[Start of Attachment]

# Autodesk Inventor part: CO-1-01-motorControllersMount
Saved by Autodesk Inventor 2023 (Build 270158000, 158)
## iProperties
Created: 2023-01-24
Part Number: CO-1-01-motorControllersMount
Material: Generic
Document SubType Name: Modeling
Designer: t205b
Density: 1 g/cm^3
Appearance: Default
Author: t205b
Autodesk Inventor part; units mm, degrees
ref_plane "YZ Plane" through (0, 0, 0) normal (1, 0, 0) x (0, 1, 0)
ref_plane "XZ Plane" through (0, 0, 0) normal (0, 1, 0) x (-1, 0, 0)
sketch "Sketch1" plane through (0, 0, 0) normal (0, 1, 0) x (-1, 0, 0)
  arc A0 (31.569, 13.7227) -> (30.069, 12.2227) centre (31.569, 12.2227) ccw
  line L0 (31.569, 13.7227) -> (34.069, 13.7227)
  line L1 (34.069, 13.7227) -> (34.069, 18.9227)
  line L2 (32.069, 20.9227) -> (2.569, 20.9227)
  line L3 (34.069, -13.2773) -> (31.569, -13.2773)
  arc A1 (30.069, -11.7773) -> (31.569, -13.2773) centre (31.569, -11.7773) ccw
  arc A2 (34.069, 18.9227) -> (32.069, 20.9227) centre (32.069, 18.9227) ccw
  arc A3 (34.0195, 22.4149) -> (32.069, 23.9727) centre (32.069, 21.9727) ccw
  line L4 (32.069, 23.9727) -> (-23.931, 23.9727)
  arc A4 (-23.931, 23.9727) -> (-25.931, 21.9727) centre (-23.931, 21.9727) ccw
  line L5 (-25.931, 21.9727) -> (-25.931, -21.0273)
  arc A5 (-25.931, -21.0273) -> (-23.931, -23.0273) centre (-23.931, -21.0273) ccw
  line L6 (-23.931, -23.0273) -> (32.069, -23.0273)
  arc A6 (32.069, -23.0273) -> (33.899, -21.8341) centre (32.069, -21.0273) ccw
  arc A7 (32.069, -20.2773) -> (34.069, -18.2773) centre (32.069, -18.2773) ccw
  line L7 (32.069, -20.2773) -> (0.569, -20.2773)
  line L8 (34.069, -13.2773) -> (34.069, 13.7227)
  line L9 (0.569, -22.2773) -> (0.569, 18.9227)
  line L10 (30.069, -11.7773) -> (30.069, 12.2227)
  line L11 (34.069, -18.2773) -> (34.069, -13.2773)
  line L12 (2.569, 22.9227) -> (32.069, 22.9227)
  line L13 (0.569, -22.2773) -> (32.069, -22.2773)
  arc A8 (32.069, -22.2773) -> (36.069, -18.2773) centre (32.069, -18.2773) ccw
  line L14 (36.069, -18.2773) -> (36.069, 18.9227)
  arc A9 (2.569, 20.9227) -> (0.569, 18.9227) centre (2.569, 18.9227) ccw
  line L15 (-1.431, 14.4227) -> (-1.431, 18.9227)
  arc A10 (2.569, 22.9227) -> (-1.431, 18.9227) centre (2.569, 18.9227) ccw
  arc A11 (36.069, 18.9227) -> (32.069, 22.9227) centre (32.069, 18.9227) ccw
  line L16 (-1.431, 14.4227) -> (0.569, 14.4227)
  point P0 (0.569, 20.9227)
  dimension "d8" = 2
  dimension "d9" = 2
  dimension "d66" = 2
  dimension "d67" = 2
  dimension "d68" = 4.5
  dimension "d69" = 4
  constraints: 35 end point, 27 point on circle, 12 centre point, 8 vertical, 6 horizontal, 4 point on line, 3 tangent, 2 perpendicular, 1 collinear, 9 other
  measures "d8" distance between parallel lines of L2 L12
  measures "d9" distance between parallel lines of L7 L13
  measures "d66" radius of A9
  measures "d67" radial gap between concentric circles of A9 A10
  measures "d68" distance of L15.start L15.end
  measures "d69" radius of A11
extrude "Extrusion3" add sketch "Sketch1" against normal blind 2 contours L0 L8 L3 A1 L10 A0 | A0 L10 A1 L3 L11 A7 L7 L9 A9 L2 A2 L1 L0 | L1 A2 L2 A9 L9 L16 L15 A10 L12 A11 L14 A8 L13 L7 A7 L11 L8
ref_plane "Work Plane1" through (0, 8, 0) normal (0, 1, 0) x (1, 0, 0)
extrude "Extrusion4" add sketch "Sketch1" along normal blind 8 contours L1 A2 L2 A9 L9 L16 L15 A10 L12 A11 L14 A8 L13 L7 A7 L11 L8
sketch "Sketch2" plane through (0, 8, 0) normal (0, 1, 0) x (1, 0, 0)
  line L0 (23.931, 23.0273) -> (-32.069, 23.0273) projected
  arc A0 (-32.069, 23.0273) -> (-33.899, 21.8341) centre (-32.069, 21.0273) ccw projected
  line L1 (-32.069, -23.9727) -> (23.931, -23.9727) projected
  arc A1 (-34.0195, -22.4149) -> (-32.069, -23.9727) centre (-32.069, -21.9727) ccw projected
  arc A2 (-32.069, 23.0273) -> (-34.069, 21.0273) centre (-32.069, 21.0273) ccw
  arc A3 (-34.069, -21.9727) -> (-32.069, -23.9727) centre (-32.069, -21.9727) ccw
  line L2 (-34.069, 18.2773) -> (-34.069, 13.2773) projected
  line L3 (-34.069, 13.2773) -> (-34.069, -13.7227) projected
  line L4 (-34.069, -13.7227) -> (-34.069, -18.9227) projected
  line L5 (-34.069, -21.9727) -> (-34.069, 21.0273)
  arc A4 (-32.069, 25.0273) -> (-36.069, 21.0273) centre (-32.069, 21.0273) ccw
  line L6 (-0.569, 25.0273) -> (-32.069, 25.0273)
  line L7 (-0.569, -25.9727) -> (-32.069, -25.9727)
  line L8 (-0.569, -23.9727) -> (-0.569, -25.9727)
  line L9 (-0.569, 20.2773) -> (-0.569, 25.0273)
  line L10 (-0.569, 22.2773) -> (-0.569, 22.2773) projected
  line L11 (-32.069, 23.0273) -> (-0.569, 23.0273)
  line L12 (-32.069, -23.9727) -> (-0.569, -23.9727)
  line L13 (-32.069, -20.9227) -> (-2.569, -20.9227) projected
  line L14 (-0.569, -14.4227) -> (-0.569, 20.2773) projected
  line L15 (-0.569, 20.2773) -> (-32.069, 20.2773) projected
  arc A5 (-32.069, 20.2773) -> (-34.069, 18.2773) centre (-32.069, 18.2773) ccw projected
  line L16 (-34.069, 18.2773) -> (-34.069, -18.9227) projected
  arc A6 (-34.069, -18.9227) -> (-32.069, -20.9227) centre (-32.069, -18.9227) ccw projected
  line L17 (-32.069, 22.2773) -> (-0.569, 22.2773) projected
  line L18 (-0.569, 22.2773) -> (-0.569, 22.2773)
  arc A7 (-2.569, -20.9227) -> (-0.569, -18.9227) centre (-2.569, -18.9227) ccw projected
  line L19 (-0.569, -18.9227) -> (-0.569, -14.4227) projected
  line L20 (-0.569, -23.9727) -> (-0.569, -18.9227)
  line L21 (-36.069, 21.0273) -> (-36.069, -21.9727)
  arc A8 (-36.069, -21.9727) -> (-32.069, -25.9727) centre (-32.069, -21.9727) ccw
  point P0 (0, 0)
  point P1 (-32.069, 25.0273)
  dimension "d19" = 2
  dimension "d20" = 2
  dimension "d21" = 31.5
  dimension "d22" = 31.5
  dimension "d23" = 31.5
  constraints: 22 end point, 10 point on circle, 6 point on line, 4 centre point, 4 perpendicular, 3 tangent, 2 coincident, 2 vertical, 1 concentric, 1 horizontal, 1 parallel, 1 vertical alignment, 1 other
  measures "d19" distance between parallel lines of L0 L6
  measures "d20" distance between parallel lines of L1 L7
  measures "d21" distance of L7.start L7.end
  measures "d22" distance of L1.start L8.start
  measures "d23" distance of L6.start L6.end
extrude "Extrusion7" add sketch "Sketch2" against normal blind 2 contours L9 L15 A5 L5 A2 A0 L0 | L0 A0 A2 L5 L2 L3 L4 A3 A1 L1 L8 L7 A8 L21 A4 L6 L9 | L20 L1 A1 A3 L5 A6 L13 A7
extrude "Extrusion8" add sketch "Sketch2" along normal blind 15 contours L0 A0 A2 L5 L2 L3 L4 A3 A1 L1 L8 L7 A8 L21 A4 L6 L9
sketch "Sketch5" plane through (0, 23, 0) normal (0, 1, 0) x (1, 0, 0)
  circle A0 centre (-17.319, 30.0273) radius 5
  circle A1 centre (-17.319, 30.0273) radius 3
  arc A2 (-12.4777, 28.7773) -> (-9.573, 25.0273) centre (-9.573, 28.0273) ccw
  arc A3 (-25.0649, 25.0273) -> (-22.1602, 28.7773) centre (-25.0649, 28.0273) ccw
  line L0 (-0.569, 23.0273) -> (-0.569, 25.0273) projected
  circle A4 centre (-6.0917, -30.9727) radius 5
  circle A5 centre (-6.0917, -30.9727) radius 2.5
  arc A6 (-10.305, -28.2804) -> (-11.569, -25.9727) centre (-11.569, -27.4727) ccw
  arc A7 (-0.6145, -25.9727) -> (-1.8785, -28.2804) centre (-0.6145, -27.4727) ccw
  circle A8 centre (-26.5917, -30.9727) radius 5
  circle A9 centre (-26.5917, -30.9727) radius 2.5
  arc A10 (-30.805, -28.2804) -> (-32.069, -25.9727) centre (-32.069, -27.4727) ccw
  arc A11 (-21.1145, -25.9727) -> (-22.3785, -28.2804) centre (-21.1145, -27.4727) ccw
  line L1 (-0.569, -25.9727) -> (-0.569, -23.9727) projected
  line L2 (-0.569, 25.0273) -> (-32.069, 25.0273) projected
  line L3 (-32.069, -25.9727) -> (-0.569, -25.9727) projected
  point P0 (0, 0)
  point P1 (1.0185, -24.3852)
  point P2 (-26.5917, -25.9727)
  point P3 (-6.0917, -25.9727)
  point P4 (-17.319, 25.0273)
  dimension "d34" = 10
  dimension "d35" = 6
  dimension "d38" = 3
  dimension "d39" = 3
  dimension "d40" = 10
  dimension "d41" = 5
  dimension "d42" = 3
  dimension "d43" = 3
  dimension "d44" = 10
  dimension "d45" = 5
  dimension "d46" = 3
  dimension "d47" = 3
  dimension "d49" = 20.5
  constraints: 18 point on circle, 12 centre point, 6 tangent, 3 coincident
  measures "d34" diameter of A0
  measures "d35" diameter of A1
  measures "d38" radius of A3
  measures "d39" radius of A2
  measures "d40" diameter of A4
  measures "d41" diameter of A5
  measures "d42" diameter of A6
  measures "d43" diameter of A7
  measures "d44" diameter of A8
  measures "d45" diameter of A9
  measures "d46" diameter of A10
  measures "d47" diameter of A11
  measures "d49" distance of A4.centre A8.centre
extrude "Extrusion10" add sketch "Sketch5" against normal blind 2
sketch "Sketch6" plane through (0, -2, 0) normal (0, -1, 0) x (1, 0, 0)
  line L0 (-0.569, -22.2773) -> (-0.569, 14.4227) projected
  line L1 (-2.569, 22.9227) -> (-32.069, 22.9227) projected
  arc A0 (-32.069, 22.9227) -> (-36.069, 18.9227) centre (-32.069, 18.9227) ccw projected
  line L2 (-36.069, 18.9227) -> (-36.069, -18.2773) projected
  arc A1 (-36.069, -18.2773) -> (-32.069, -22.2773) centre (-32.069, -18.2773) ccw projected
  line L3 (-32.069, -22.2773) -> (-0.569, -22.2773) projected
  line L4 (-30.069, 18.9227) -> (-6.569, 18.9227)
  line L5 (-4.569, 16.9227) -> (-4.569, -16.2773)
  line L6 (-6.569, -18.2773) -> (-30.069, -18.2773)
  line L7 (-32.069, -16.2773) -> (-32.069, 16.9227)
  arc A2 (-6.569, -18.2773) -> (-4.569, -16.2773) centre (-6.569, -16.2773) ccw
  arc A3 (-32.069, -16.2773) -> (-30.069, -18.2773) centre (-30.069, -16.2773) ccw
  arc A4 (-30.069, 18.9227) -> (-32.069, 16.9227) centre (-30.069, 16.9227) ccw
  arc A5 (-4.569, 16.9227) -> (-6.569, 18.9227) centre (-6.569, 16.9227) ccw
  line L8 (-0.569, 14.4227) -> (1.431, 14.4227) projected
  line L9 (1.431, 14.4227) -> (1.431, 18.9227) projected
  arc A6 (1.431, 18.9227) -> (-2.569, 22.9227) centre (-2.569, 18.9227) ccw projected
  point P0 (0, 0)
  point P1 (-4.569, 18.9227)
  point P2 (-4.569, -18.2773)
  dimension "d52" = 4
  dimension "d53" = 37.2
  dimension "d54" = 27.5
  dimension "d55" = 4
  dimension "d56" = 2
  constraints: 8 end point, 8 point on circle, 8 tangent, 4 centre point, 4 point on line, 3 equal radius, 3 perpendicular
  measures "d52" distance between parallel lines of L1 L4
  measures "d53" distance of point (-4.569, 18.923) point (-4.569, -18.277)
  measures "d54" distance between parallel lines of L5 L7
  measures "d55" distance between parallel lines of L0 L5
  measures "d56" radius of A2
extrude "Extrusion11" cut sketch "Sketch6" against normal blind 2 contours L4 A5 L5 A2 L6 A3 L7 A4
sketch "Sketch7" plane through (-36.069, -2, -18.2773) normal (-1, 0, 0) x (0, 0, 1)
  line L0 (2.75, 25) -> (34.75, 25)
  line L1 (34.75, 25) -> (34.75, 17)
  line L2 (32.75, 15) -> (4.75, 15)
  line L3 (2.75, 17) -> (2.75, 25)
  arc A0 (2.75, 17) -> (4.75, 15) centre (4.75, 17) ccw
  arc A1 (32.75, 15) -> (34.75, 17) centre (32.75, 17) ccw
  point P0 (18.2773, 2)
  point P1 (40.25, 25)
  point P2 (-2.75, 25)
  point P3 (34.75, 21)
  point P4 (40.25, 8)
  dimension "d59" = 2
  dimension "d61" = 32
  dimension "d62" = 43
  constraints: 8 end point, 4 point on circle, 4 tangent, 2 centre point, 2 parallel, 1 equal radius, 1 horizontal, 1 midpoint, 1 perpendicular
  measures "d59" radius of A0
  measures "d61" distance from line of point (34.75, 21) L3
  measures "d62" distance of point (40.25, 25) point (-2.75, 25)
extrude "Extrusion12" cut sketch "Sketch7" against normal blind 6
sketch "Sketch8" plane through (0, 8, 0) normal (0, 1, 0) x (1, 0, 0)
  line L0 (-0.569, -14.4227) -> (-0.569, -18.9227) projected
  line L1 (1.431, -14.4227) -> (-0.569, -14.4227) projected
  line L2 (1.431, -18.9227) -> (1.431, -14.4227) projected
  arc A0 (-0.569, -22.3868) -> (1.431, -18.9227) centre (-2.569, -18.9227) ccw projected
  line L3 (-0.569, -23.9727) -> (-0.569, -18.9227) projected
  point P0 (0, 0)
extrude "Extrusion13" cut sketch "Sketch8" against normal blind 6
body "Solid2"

[End of Attachment]

Exercise brief
Beginning at the line with "line L21 (-36.069, 21.0273)" and ending at the line with "arc A2 (-12.4777, 28.7773)", reproduce each line of the data above exactly, and add no other lines.

Answer box
  line L21 (-36.069, 21.0273) -> (-36.069, -21.9727)
  arc A8 (-36.069, -21.9727) -> (-32.069, -25.9727) centre (-32.069, -21.9727) ccw
  point P0 (0, 0)
  point P1 (-32.069, 25.0273)
  dimension "d19" = 2
  dimension "d20" = 2
  dimension "d21" = 31.5
  dimension "d22" = 31.5
  dimension "d23" = 31.5
  constraints: 22 end point, 10 point on circle, 6 point on line, 4 centre point, 4 perpendicular, 3 tangent, 2 coincident, 2 vertical, 1 concentric, 1 horizontal, 1 parallel, 1 vertical alignment, 1 other
  measures "d19" distance between parallel lines of L0 L6
  measures "d20" distance between parallel lines of L1 L7
  measures "d21" distance of L7.start L7.end
  measures "d22" distance of L1.start L8.start
  measures "d23" distance of L6.start L6.end
extrude "Extrusion7" add sketch "Sketch2" against normal blind 2 contours L9 L15 A5 L5 A2 A0 L0 | L0 A0 A2 L5 L2 L3 L4 A3 A1 L1 L8 L7 A8 L21 A4 L6 L9 | L20 L1 A1 A3 L5 A6 L13 A7
extrude "Extrusion8" add sketch "Sketch2" along normal blind 15 contours L0 A0 A2 L5 L2 L3 L4 A3 A1 L1 L8 L7 A8 L21 A4 L6 L9
sketch "Sketch5" plane through (0, 23, 0) normal (0, 1, 0) x (1, 0, 0)
  circle A0 centre (-17.319, 30.0273) radius 5
  circle A1 centre (-17.319, 30.0273) radius 3
  arc A2 (-12.4777, 28.7773) -> (-9.573, 25.0273) centre (-9.573, 28.0273) ccw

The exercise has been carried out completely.